What you will do:
Within the data beneath, some lines may hold the word "source". Give the number of those lines and nothing else.

[Dataset excerpts]
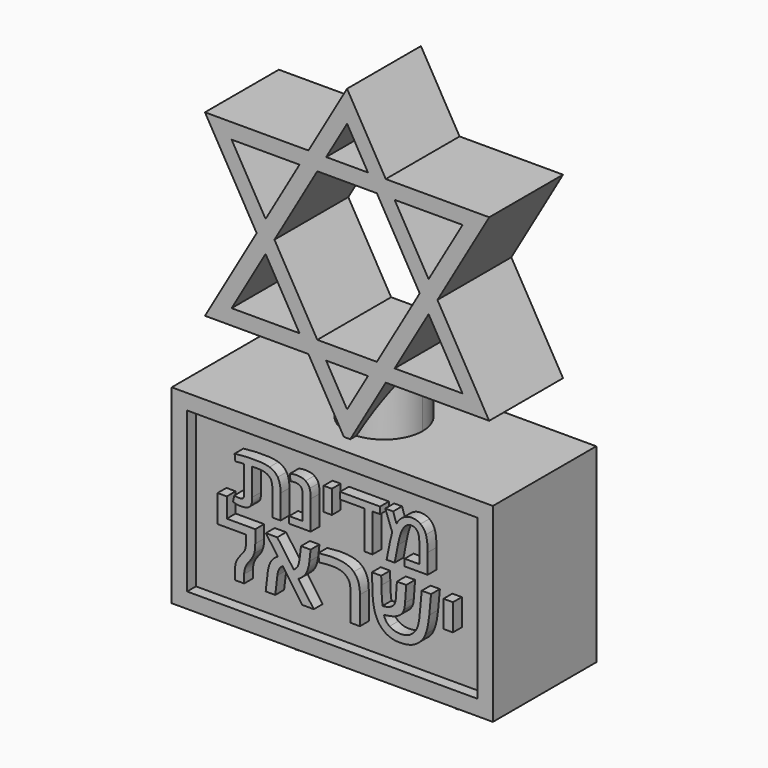
from build123d import *

# Parameters (mm, degrees)
F1_DEPTH  = 15
F9_DEPTH  = 30.9
F10_W     = 47.1880215352
F10_H     = 25.9
F10_W_2   = 1.535165
F10_H_2   = 4.322083
F10_W_3   = 1.333404
F10_H_3   = 3.754038
F11_DEPTH = 1.8
F12_W     = 47.1880215352
F12_H     = 25.9
F12_W_2   = 1.399097
F12_H_2   = 11.579758
F13_DEPTH = 1.8
F14_W     = 1.052821
F14_H     = 3.296269
F14_W_2   = 1.074868
F14_H_2   = 3.026173
F15_DEPTH = 1.8


# Not quite as in the source:
# - ends of sketch curves that miss each other by under 0.0002 mm in the source are joined


with BuildPart() as f1:
    # F0 (on Front) → F1 (new body)
    with BuildSketch(Plane.XZ):
        Polygon((6.283534604, -10.8834011853), (0, 0), (-6.283534604, -10.8834011853), (-23.0940107676, -10.8834011853), (-14.6887726858, -25.4417005926), (-23.0940107676, -40), (-6.283534604, -40), (0, -50.8834011853), (6.2835228852, -40), (23.0940107676, -40), (14.6887589885, -25.4416768682), (23.0939676972, -10.8834011853), align=None)
        Polygon((-2.0189e-06, -45.8833976884), (-3.3967832581, -40), (3.3967728852, -40), align=None, mode=Mode.SUBTRACT)
        Polygon((-18.7638837487, -37.5), (-13.2453970128, -27.9417005926), (-7.726910277, -37.5), align=None, mode=Mode.SUBTRACT)
        Polygon((13.2453846615, -27.9416791995), (18.7638837487, -37.5), (7.7268958663, -37.5), align=None, mode=Mode.SUBTRACT)
        Polygon((-18.7638837487, -13.3834011853), (-11.9086720469, -13.3834011853), (-7.726910277, -13.3834011853), (-13.2453970128, -22.9417005926), align=None, mode=Mode.SUBTRACT)
        Polygon((-4.840158931, -13.3834011853), (4.840158931, -13.3834011853), (11.8020083155, -25.4416780338), (4.8401458663, -37.5), (-4.840158931, -37.5), (-11.8020213399, -25.4417005926), align=None, mode=Mode.SUBTRACT)
        Polygon((11.1853387207, -13.3834011853), (18.7638447161, -13.3834011853), (13.2453826425, -22.9416757026), (7.726910277, -13.3834011853), align=None, mode=Mode.SUBTRACT)
        Polygon((-3.3967832581, -10.8834011853), (0, -5), (3.3967832581, -10.8834011853), (0, -10.8834011853), align=None, mode=Mode.SUBTRACT)
    extrude(amount=F1_DEPTH)

    # F3 (on face) → F4 (join, up to the next surface of F1)
    with BuildSketch(Plane.XY.offset(-50.8834011853)):
        with BuildLine():
            ThreePointArc((0, -1.2164771148), (-4.4431216419, -3.0568783581), (-6.2835228852, -7.5))
            ThreePointArc((-6.2835228852, -7.5), (-4.4431216419, -11.9431216419), (0, -13.7835228852))
            Line((0, -13.7835228852), (0, -1.2164771148))
        make_face()
    extrude(until=Until.NEXT)

    # F3 (on face) → F5 (join, up to the next surface of F1)
    with BuildSketch(Plane.XY.offset(-50.8834011853)):
        with BuildLine():
            ThreePointArc((6.2835228852, -7.5), (4.4431216419, -3.0568783581), (0, -1.2164771148))
            Line((0, -1.2164771148), (0, -13.7835228852))
            ThreePointArc((0, -13.7835228852), (4.4431216419, -11.9431216419), (6.2835228852, -7.5))
        make_face()
    extrude(until=Until.NEXT)

    # F8 (on face) → F9 (join)
    with BuildSketch(Plane.XY.offset(-80.8834011853)):
        Polygon((6.2835228852, 3), (-6.283534604, 3), (-26.0940107676, 3), (-26.0940107676, -18), (-6.283534604, -18), (6.2835228852, -18), (26.0940107676, -18), (26.0940107676, 3), align=None)
    extrude(amount=F9_DEPTH)

    # F10 (on face) → F11 (cut)
    with BuildSketch(Plane.XZ.offset(18)):
        with Locations((0, -65.4334011853)):
            Rectangle(F10_W, F10_H)
        with BuildLine():
            Line((-17.1500309188, -62.6825628694), (-17.1500309188, -65.8709798694))
            Line((-17.1500309188, -65.8709798694), (-12.5209169188, -65.8709798694))
            Line((-12.5209169188, -65.8709798694), (-12.5209169188, -67.9493598694))
            add(Edge.make_bspline(
                [(-12.5209169188, -67.9493598694), (-12.5209169188, -68.5371808694), (-12.5760239188, -69.0147908694), (-12.6862459188, -69.3821818694)],
                knots=[0, 0, 0, 0, 1, 1, 1, 1], degree=3))
            add(Edge.make_bspline(
                [(-12.6862459188, -69.3821818694), (-12.7964619188, -69.7443218694), (-12.9880289188, -70.1117128694), (-13.2609459188, -70.4843478694)],
                knots=[0, 0, 0, 0, 1, 1, 1, 1], degree=3))
            Line((-13.2609459188, -70.4843478694), (-13.6860689188, -71.0511798694))
            add(Edge.make_bspline(
                [(-13.6860689188, -71.0511798694), (-14.1111889188, -71.6232578694), (-14.3237529188, -72.2347008694), (-14.3237529188, -72.8855028694)],
                knots=[0, 0, 0, 0, 1, 1, 1, 1], degree=3))
            Line((-14.3237529188, -72.8855028694), (-14.3237529188, -74.2238538694))
            Line((-14.3237529188, -74.2238538694), (-15.8274269188, -74.2238538694))
            Line((-15.8274269188, -74.2238538694), (-15.8274269188, -73.0980668694))
            add(Edge.make_bspline(
                [(-15.8274269188, -73.0980668694), (-15.8274269188, -72.4210188694), (-15.7618219188, -71.9119208694), (-15.6306079188, -71.5707758694)],
                knots=[0, 0, 0, 0, 1, 1, 1, 1], degree=3))
            add(Edge.make_bspline(
                [(-15.6306079188, -71.5707758694), (-15.4941509188, -71.2296228694), (-15.2973379188, -70.8937248694), (-15.0401629188, -70.5630738694)],
                knots=[0, 0, 0, 0, 1, 1, 1, 1], degree=3))
            Line((-15.0401629188, -70.5630738694), (-14.5678019188, -69.9647538694))
            add(Edge.make_bspline(
                [(-14.5678019188, -69.9647538694), (-14.3368729188, -69.6708448694), (-14.1899169188, -69.4057958694), (-14.1269369188, -69.1696178694)],
                knots=[0, 0, 0, 0, 1, 1, 1, 1], degree=3))
            add(Edge.make_bspline(
                [(-14.1269369188, -69.1696178694), (-14.0587039188, -68.9334378694), (-14.0245919188, -68.6290298694), (-14.0245919188, -68.2563918694)],
                knots=[0, 0, 0, 0, 1, 1, 1, 1], degree=3))
            Line((-14.0245919188, -68.2563918694), (-14.0245919188, -67.1306048694))
            Line((-14.0245919188, -67.1306048694), (-18.6458339188, -67.1306048694))
            Line((-18.6458339188, -67.1306048694), (-18.6458339188, -62.6825628694))
            Line((-18.6458339188, -62.6825628694), (-17.1500309188, -62.6825628694))
        make_face(mode=Mode.SUBTRACT)
        with BuildLine():
            Line((-5.5142679188, -70.6890348694), (-3.0107679188, -74.2238538694))
            Line((-3.0107679188, -74.2238538694), (-4.8687099188, -74.2238538694))
            Line((-4.8687099188, -74.2238538694), (-8.0571299188, -69.7128278694))
            add(Edge.make_bspline(
                [(-8.0571299188, -69.7128278694), (-8.5504799188, -69.9804988694), (-8.8417699188, -70.5210868694), (-8.9309909188, -71.3345958694)],
                knots=[0, 0, 0, 0, 1, 1, 1, 1], degree=3))
            Line((-8.9309909188, -71.3345958694), (-9.2695169188, -74.2238538694))
            Line((-9.2695169188, -74.2238538694), (-10.8282979188, -74.2238538694))
            Line((-10.8282979188, -74.2238538694), (-10.4897749188, -71.3345958694))
            add(Edge.make_bspline(
                [(-10.4897749188, -71.3345958694), (-10.3323209188, -69.9909948694), (-9.7864889188, -69.0830178694), (-8.8522649188, -68.6106598694)],
                knots=[0, 0, 0, 0, 1, 1, 1, 1], degree=3))
            Line((-8.8522649188, -68.6106598694), (-10.7968079188, -65.8709798694))
            Line((-10.7968079188, -65.8709798694), (-8.9467369188, -65.8709798694))
            Line((-8.9467369188, -65.8709798694), (-6.2700389188, -69.6104828694))
            add(Edge.make_bspline(
                [(-6.2700389188, -69.6104828694), (-5.9446369188, -69.3952998694), (-5.7189529188, -69.1538698694), (-5.5929939188, -68.8862018694)],
                knots=[0, 0, 0, 0, 1, 1, 1, 1], degree=3))
            add(Edge.make_bspline(
                [(-5.5929939188, -68.8862018694), (-5.4617799188, -68.6132848694), (-5.3594379188, -68.1671678694), (-5.2859619188, -67.5478568694)],
                knots=[0, 0, 0, 0, 1, 1, 1, 1], degree=3))
            Line((-5.2859619188, -67.5478568694), (-5.0891449188, -65.8709798694))
            Line((-5.0891449188, -65.8709798694), (-3.5303589188, -65.8709798694))
            Line((-3.5303589188, -65.8709798694), (-3.7193039188, -67.5950888694))
            add(Edge.make_bspline(
                [(-3.7193039188, -67.5950888694), (-3.8032789188, -68.3351178694), (-3.9712289188, -68.9439338694), (-4.2231549188, -69.4215438694)],
                knots=[0, 0, 0, 0, 1, 1, 1, 1], degree=3))
            add(Edge.make_bspline(
                [(-4.2231549188, -69.4215438694), (-4.4698309188, -69.8938988694), (-4.9001999188, -70.3163998694), (-5.5142679188, -70.6890348694)],
                knots=[0, 0, 0, 0, 1, 1, 1, 1], degree=3))
        make_face(mode=Mode.SUBTRACT)
        with BuildLine():
            Line((-2.1447749188, -67.2408188694), (-2.2707389188, -65.9497078694))
            add(Edge.make_bspline(
                [(-2.2707389188, -65.9497078694), (-1.4624829188, -65.8342428694), (-0.7198289188, -65.7765058694), (-0.0427829188, -65.7765058694)],
                knots=[0, 0, 0, 0, 1, 1, 1, 1], degree=3))
            add(Edge.make_bspline(
                [(-0.0427829188, -65.7765058694), (1.6472110812, -65.7765058694), (2.8228610812, -66.1045378694), (3.4841620812, -66.7605888694)],
                knots=[0, 0, 0, 0, 1, 1, 1, 1], degree=3))
            add(Edge.make_bspline(
                [(3.4841620812, -66.7605888694), (4.1507110812, -67.4113908694), (4.4839880812, -68.3954738694), (4.4839880812, -69.7128278694)],
                knots=[0, 0, 0, 0, 1, 1, 1, 1], degree=3))
            Line((4.4839880812, -69.7128278694), (4.4839880812, -74.2238538694))
            Line((4.4839880812, -74.2238538694), (2.9881840812, -74.2238538694))
            Line((2.9881840812, -74.2238538694), (2.9881840812, -70.1143348694))
            add(Edge.make_bspline(
                [(2.9881840812, -70.1143348694), (2.9881840812, -69.3533108694), (2.9068340812, -68.7786138694), (2.7441360812, -68.3902248694)],
                knots=[0, 0, 0, 0, 1, 1, 1, 1], degree=3))
            add(Edge.make_bspline(
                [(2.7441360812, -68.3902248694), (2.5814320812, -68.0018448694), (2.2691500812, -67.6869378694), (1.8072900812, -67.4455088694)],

Written answer:
2